PROBLEM TO SOLVE:
Go through the data below and copy each line that includes "Inputs".

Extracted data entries
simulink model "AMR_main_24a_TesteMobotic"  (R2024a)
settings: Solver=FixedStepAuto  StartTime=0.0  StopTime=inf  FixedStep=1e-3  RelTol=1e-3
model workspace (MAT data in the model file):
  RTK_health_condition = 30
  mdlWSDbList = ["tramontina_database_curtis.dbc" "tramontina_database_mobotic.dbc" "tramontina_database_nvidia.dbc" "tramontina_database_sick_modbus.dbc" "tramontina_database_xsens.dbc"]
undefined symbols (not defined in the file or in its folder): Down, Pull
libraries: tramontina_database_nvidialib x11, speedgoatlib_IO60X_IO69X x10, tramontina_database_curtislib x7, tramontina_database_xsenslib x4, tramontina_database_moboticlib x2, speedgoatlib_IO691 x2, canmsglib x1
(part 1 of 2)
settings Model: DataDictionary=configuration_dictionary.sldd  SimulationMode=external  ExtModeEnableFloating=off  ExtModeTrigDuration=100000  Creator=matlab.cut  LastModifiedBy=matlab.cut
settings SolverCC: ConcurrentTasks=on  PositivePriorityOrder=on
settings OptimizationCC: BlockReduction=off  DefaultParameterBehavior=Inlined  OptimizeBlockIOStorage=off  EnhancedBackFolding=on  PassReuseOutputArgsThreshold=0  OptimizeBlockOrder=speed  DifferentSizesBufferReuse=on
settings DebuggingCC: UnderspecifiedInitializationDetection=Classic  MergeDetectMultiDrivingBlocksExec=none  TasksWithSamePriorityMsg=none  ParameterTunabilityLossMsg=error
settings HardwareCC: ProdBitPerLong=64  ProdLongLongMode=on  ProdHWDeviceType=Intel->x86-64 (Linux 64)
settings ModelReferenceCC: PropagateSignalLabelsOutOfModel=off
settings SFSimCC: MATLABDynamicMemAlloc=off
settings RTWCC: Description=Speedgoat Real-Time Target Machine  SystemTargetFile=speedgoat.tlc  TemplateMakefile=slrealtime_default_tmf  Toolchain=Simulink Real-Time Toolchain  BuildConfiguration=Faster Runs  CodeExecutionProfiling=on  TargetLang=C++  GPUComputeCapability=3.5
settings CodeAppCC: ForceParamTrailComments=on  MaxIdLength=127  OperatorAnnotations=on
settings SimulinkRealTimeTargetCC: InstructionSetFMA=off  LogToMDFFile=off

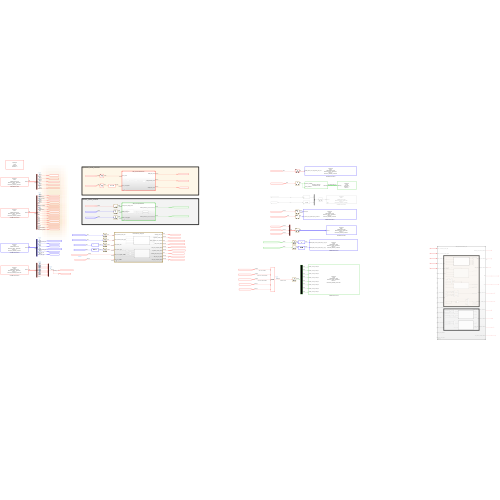
[thumbnail: Simulink's stored preview of the top-level diagram]
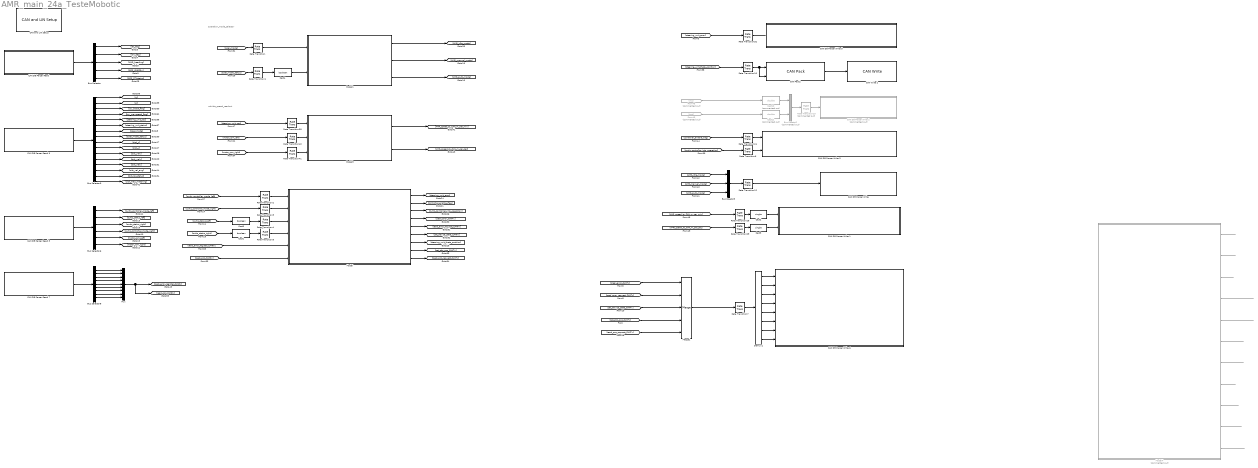
== system AMR_main_24a_TesteMobotic ==
  note: operation_mode_selector
  note: vehicle_speed_readout
  Bus Creator2 : BusCreator  Commented=on  Inputs=2
  Bus Creator3 : BusCreator  Inputs=3
  Bus Selector : BusSelector  OutputSignals=ID113_LongLat.latitude,ID113_LongLat.longitude,ID34_EulerAngles.yaw,ID17_StatusWord.GNSSfix,ID17_StatusWord.RtkStatus
  Bus Selector6 : BusSelector  OutputSignals=ID1830_controller_status_left.controller_mode_left,ID1830_controller_status_left.MessageStatus.Status,ID1831_controller_status_right.MessageStatus.Status,ID1831_controller_status_right.controller_mode_right,ID422_curtis_feedback_message_left.motor_rpm_left,ID423_curtis_feedback_message_right.motor_rpm_right
  Bus Selector8 : BusSelector  OutputSignals=ID1459_feedback_word.MessageStatus.Status,ID1459_feedback_word.byte0,ID1459_feedback_word.byte1,ID1459_feedback_word.byte2,ID1459_feedback_word.byte3,ID1459_feedback_word.byte4,ID1459_feedback_word.byte5,ID1459_feedback_word.byte6,ID1459_feedback_word.byte7
  Bus Selector9 : BusSelector  OutputSignals=ID368_joystick_axes.joystick_throttle,ID368_joystick_axes.joystick_direction,ID369_joystick_buttons.button_5,ID369_joystick_buttons.button_6,ID288_mobotic_feedback_pos.position_feedback,ID288_mobotic_feedback_pos.MessageStatus.Status,ID343_AMR_OperationMode.OperationMode,ID343_AMR_OperationMode.MessageStatus.Status,ID370_outdoor_scanner_PosX.X,ID371_outdoor_scanner_PosY.Y,ID372_outdoor_scanner_Yaw_Status.Yaw,ID373_outdoor_scanner_Odometer_Vel.velX,ID373_outdoor_scanner_Odometer_Vel.velY,ID373_outdoor_scanner_Odometer_Vel.velAng,ID372_outdoor_scanner_Yaw_Status.LocalizationStatus,ID372_outdoor_scanner_Yaw_Status.MapMatchingStatus
  CAN DB Parser Read : Subsystem
      settings: OpenFcn=sg_can.OpenFcnRead;
      mask Help: eval('sg.utils.help.show(''io_main/refentry_ref_can_ofa_parsing_read'');')
      mask Display: disp('Speedgoat\nIO691\nCAN DB Parser Read\nModule ID: IO691 - Module ID 1\nChannel:  1\ntramontina_database_xsens.dbc ');
  CAN DB Parser Read 3 : Subsystem
      settings: OpenFcn=sg_can.OpenFcnRead;
      mask Help: eval('sg.utils.help.show(''io_main/refentry_ref_can_ofa_parsing_read'');')
      mask Display: disp('Speedgoat\nIO691\nCAN DB Parser Read\nModule ID: IO691 - Module ID 1\nChannel:  1\ntramontina_database_curtis.dbc ');
  CAN DB Parser Read 7 : Subsystem
      settings: OpenFcn=sg_can.OpenFcnRead;
      mask Help: eval('sg.utils.help.show(''io_main/refentry_ref_can_ofa_parsing_read'');')
      mask Display: disp('Speedgoat\nIO691\nCAN DB Parser Read\nModule ID: IO691 - Module ID 1\nChannel:  1\ntramontina_database_mobotic.dbc ');
  CAN DB Parser Read 9 : Subsystem
      settings: OpenFcn=sg_can.OpenFcnRead;
      mask Help: eval('sg.utils.help.show(''io_main/refentry_ref_can_ofa_parsing_read'');')
      mask Display: disp('Speedgoat\nIO691\nCAN DB Parser Read\nModule ID: IO691 - Module ID 1\nChannel:  1\ntramontina_database_nvidia.dbc ');
  "CAN DB Parser Write " : Subsystem
      settings: OpenFcn=sg_can.OpenFcnWrite;
      mask Help: eval('sg.utils.help.show(''io_main/refentry_ref_can_ofa_parsing_write'');')
      mask Display: disp('Speedgoat\nIO691\nCAN DB Parser Write\nModule ID: IO691 - Module ID 1\nChannel:  1\ntramontina_database_nvidia.dbc ');
  CAN DB Parser Write 1 : Subsystem
      settings: OpenFcn=sg_can.OpenFcnWrite;
      mask Help: eval('sg.utils.help.show(''io_main/refentry_ref_can_ofa_parsing_write'');')
      mask Display: disp('Speedgoat\nIO691\nCAN DB Parser Write\nModule ID: IO691 - Module ID 1\nChannel:  1\ntramontina_database_nvidia.dbc ');
  CAN DB Parser Write 2 : Subsystem  Commented=on
      settings: OpenFcn=sg_can.OpenFcnWrite;
      mask Help: eval('sg.utils.help.show(''io_main/refentry_ref_can_ofa_parsing_write'');')
      mask Display: disp('Speedgoat\nIO691\nCAN DB Parser Write\nModule ID: IO691 - Module ID 1\nChannel:  1\ntramontina_database_curtis.dbc ');
  CAN DB Parser Write 3 : Subsystem
      settings: OpenFcn=sg_can.OpenFcnWrite;
      mask Help: eval('sg.utils.help.show(''io_main/refentry_ref_can_ofa_parsing_write'');')
      mask Display: disp('Speedgoat\nIO691\nCAN DB Parser Write\nModule ID: IO691 - Module ID 1\nChannel:  1\ntramontina_database_curtis.dbc ');
  CAN DB Parser Write 5 : Subsystem
      settings: OpenFcn=sg_can.OpenFcnWrite;
      mask Help: eval('sg.utils.help.show(''io_main/refentry_ref_can_ofa_parsing_write'');')
      mask Display: disp('Speedgoat\nIO691\nCAN DB Parser Write\nModule ID: IO691 - Module ID 1\nChannel:  1\ntramontina_database_nvidia.dbc ');
  CAN DB Parser Write 6 : Subsystem
      settings: OpenFcn=sg_can.OpenFcnWrite;
      mask Help: eval('sg.utils.help.show(''io_main/refentry_ref_can_ofa_parsing_write'');')
      mask Display: disp('Speedgoat\nIO691\nCAN DB Parser Write\nModule ID: IO691 - Module ID 1\nChannel:  1\ntramontina_database_mobotic.dbc ');
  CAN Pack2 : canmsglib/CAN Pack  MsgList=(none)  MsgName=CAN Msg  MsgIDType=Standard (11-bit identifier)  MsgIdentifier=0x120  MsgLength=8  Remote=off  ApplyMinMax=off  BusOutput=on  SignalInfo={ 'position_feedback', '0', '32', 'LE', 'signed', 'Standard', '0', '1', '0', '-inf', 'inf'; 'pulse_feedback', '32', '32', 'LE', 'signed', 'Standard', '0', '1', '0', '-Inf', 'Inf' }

EXERCISE SOLUTION:
  Bus Creator2 : BusCreator  Commented=on  Inputs=2
  Bus Creator3 : BusCreator  Inputs=3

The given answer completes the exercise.